Given: $y = b_0 + b_1x$
I am wondering what is the explanation behind this formula for estimating the $ b_1$ coefficient:
$$ b_1 = \frac{\sum_{i=1}^n( x_i-\bar{x})(y_i-\bar{y})}{ \sum_{i=1}^n( x_i-\bar{x})^2 } $$
What are the steps to derive this formula?
Part 1 Update -March 18 2021:
When tried to substitute $\bar{y} - b_1\bar{x}$ for $b_0$ in
$$ b_0 \bar{x} + b_1 \overline{x^2} = \overline{xy} $$ I got stuck with $b_1$ in both sides of the equations.
$$ b_1 \overline{x^2} = \overline{xy}-(\overline{x} \bar{y} - b_1\overline{x^2}) $$
Can you please guide me in further derivation steps. Thanks
Part 2 Update
With another help from @MartinVesely, I realized that this should be:
$$b_0 \bar{x} + b_1 \overline{x^2} = \overline{xy}$$
$$ ((\bar{y} - b_1\bar{x})\bar{x}) + b_1 \overline{x^2} = \overline{xy}$$
$$(\bar{x}\bar{y} - b_1(\bar{x})^2) + b_1 \overline{x^2} = \overline{xy}$$
$$( - b_1(\bar{x})^2) + b_1 \overline{x^2} = \overline{xy} - \bar{x}\bar{y} $$
$$b1( -(\bar{x})^2 + \overline{x^2}) = \overline{xy} - \bar{x}\bar{y} $$
$$b1= \frac{\overline{xy} - \bar{x}\bar{y} }{ \overline{x^2} -(\bar{x})^2} $$
A derivation of the formula is done with the least square method.
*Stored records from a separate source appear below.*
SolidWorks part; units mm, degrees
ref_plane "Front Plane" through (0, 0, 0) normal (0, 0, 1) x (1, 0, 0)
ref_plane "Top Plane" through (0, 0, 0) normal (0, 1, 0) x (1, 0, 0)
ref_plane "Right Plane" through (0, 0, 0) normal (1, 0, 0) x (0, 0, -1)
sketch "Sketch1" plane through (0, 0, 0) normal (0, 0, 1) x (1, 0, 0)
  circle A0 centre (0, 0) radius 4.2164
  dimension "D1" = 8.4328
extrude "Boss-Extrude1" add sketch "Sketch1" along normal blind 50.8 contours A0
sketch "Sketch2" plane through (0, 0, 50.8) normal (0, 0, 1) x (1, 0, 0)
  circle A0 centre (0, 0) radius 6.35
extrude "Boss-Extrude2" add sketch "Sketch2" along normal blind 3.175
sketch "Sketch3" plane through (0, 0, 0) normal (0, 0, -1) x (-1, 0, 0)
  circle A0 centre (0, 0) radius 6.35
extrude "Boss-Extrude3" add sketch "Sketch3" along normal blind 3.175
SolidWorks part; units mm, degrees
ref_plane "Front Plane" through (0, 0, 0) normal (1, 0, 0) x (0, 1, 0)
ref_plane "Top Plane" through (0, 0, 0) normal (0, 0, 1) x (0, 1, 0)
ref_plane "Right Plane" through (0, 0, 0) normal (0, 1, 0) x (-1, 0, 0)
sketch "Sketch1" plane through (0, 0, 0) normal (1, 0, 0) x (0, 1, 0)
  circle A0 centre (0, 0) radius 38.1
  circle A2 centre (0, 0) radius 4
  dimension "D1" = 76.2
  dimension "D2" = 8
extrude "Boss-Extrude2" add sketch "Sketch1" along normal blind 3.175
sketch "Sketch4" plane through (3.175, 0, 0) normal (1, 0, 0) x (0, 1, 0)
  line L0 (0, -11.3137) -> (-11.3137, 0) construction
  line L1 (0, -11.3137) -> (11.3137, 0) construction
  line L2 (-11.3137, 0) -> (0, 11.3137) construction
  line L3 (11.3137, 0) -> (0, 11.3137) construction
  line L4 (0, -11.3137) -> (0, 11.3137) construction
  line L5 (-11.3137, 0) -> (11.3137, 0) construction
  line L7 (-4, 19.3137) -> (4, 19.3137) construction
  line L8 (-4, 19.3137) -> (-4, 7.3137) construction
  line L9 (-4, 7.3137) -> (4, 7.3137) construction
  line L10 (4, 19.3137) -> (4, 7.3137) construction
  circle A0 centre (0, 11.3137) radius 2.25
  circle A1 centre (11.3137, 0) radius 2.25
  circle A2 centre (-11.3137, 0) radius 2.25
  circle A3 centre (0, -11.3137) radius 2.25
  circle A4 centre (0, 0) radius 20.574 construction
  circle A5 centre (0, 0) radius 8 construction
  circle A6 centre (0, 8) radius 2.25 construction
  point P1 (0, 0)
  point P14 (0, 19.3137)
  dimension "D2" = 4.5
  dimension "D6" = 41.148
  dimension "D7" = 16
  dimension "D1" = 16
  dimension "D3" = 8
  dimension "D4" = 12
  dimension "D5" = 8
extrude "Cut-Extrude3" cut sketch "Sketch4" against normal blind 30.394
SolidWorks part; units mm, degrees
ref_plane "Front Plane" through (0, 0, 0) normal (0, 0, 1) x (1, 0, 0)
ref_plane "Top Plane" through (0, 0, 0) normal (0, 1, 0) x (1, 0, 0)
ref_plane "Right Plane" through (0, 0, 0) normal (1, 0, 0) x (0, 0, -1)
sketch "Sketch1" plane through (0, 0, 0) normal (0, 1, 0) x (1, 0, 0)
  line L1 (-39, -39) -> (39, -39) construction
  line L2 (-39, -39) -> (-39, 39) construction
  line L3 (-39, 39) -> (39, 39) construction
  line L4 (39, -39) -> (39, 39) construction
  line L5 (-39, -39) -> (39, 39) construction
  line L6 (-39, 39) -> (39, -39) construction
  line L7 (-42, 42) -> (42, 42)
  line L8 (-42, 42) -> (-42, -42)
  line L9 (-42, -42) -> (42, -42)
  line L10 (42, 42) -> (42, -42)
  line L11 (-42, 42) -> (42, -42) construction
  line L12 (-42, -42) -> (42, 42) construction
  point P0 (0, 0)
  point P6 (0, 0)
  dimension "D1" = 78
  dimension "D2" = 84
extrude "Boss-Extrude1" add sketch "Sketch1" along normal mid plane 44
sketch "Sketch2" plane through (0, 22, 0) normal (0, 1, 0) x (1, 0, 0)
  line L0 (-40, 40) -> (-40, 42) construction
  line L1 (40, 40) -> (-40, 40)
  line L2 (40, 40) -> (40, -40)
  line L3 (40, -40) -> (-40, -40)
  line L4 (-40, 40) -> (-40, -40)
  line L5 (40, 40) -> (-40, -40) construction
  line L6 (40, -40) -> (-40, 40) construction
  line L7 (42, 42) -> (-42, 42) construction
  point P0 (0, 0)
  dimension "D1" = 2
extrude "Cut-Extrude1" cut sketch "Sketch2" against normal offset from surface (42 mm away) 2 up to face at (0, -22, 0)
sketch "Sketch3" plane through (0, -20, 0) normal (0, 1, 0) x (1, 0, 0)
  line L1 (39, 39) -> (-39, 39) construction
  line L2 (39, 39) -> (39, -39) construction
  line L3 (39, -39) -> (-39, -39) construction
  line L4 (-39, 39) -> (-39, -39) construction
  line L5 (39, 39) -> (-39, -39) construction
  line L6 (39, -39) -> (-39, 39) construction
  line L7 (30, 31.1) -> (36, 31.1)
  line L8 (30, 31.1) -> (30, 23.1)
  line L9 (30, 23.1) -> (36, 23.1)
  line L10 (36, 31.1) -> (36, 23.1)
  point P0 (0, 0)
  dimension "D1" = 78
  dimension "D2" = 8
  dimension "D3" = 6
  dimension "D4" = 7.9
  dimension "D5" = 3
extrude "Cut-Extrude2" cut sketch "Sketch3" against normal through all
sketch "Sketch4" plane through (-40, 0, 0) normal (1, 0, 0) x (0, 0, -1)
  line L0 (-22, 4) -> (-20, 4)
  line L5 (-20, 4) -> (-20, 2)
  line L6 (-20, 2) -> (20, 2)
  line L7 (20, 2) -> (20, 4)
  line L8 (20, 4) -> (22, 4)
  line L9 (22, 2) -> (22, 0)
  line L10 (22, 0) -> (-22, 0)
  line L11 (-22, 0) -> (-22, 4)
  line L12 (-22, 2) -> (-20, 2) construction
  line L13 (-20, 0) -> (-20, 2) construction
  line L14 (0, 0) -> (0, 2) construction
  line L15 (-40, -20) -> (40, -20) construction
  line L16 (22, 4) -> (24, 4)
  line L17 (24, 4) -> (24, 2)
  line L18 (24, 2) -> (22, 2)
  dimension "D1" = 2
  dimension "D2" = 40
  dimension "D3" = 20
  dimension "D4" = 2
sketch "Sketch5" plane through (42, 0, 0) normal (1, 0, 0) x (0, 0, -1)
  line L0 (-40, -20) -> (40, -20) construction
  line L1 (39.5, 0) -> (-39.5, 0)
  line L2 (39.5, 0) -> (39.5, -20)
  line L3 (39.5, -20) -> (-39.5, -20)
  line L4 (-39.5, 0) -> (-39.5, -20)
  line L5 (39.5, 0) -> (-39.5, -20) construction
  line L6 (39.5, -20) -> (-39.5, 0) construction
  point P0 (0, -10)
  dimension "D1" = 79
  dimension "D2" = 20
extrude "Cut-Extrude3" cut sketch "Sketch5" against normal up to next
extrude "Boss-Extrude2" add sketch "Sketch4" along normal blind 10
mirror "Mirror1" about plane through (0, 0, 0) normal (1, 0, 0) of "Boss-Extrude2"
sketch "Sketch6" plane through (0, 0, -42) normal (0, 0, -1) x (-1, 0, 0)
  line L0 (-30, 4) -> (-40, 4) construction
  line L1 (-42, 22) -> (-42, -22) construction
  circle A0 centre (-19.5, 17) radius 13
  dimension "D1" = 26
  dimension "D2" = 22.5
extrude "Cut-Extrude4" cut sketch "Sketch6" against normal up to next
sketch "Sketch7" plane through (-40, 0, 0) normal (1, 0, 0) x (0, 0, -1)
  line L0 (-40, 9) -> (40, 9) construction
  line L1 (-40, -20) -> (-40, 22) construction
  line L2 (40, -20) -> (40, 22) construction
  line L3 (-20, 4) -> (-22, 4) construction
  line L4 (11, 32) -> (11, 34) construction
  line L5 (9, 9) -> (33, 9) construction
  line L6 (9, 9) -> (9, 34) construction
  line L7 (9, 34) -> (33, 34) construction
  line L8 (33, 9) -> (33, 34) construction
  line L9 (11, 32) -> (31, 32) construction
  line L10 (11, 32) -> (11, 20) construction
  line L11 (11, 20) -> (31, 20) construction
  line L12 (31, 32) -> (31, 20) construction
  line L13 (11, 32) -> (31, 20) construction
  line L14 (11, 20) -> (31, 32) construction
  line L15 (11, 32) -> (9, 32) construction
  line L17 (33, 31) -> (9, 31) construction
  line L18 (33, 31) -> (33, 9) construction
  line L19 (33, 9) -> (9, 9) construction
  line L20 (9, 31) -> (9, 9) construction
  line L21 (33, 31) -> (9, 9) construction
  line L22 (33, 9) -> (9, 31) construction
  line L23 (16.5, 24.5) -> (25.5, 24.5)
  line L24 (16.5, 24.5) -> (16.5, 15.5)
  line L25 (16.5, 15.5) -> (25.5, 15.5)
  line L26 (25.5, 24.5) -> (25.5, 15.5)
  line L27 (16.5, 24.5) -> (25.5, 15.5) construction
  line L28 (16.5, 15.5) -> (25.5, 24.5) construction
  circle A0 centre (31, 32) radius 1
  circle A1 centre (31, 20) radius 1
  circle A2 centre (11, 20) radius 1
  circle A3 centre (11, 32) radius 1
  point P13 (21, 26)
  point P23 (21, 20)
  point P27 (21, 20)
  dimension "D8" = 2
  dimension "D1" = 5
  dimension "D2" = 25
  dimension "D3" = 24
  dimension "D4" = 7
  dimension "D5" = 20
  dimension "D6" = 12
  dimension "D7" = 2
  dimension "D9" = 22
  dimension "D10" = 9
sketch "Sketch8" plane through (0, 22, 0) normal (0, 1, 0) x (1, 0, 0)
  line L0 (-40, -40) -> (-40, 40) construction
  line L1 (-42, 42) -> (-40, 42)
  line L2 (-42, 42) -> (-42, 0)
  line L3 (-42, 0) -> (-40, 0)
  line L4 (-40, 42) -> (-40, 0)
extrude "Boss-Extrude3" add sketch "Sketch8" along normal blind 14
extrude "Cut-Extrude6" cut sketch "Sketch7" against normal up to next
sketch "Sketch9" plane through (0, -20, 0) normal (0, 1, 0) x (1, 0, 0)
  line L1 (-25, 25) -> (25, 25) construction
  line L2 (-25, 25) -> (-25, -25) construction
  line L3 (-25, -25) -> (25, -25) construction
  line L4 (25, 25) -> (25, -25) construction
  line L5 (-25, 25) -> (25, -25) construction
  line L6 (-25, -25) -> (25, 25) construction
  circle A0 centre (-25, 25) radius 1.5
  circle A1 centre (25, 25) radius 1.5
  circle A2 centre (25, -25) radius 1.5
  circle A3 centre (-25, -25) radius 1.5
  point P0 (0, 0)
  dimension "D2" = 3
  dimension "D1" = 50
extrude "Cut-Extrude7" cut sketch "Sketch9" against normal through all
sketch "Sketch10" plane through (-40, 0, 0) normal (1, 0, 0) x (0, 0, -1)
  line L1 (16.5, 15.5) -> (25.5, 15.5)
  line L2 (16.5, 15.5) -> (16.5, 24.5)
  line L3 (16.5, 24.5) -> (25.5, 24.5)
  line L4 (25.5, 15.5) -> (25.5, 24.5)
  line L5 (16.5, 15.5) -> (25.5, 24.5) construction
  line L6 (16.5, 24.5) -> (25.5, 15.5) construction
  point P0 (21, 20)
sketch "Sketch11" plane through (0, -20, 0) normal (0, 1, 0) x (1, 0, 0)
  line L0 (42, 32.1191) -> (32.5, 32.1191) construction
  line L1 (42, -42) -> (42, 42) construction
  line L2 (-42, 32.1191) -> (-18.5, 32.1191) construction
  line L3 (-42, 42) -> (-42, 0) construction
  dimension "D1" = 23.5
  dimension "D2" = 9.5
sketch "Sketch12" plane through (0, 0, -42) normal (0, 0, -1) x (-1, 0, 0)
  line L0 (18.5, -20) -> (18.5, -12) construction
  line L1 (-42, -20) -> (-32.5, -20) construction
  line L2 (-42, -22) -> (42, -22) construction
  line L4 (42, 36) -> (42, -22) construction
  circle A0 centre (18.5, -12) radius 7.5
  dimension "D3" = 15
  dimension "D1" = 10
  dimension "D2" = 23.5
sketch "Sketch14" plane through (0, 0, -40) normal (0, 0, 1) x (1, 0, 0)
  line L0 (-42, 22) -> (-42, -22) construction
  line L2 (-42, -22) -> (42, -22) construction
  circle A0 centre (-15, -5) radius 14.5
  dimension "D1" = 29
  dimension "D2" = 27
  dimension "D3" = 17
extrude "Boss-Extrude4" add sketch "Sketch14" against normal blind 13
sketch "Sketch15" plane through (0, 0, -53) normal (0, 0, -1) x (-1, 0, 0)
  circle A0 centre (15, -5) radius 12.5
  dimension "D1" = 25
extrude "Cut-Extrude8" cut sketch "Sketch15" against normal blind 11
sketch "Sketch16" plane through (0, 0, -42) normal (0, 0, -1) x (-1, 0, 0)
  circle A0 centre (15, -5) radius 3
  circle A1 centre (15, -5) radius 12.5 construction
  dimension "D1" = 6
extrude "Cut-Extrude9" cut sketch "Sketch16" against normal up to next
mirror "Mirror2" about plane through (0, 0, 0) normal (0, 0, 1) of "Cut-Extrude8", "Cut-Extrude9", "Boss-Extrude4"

Firstly write down a function $L = \sum_{i=1}^n (y_i - b_0 - b_1 x_i)^2$. This is a sum of squared differences between actual output data $y_i$ and output given by a regression line.
Our goal is to minimize a difference between actual data and theregression line. This means that we need to calculate first derivatives with respects to $b_0$ and $b_1$:
$$ \frac{\partial L}{\partial b_0} = -\sum_{i=1}^n 2(y_i - b_0 - b_1 x_i) $$
$$ \frac{\partial L}{\partial b_1} = -\sum_{i=1}^n 2x_i(y_i - b_0 - b_1 x_i) $$
Now, by setting $\frac{\partial L}{\partial b_0}$ and $\frac{\partial L}{\partial b_1}$ equal to zero and dividing by -2 we have
$$ \sum_{i=1}^n (y_i - b_0 - b_1 x_i) = 0 $$
$$ \sum_{i=1}^n x_i(y_i - b_0 - b_1 x_i) = 0 $$
Rewriting leads to $$ \sum_{i=1}^n (y_i - b_0 - b_1 x_i) = \sum_{i=1}^n y_i - b_1\sum_{i=1}^n x_i - nb_o = 0 $$
$$ \sum_{i=1}^n x_i(y_i - b_0 - b_1 x_i) = \sum_{i=1}^n x_iy_i - b_1\sum_{i=1}^n x_i^2 -b_0\sum_{i=1}^n x_i = 0 $$
Now, if we divide both eqautions by $n$ and rearranging them, we have $$ b_0 + b_1 \bar{x} = \bar{y} $$
$$ b_0 \bar{x} + b_1 \overline{x^2} = \overline{xy}, $$
where $\bar{x}$ is average of $x_i$ values (similarly for $y_i$) and $\overline{xy}$ is average of products $x_iy_i$.
Clearly $b_0 = \bar{y} - b_1\bar{x}$. After substituing this to the other equation we get $$ b_1 = \frac{\overline{xy} -\bar{x}\bar{y}}{\overline{x^2}-(\bar{x})^2}. $$
Since $\overline{xy} -\bar{x}\bar{y}$ is covariance of $x$ and $y$ and $\overline{x^2}-(\bar{x})^2$ is variance of $x$ we have your formula, because $$ \frac{1}{n}\sum_{i=1}^n (x_i - \bar{x})^2 $$ is variance of $x$ and $$ \frac{1}{n}\sum_{i=1}^n (x_i - \bar{x})(y_i - \bar{y}) $$ is covariance of $x$ and $y$.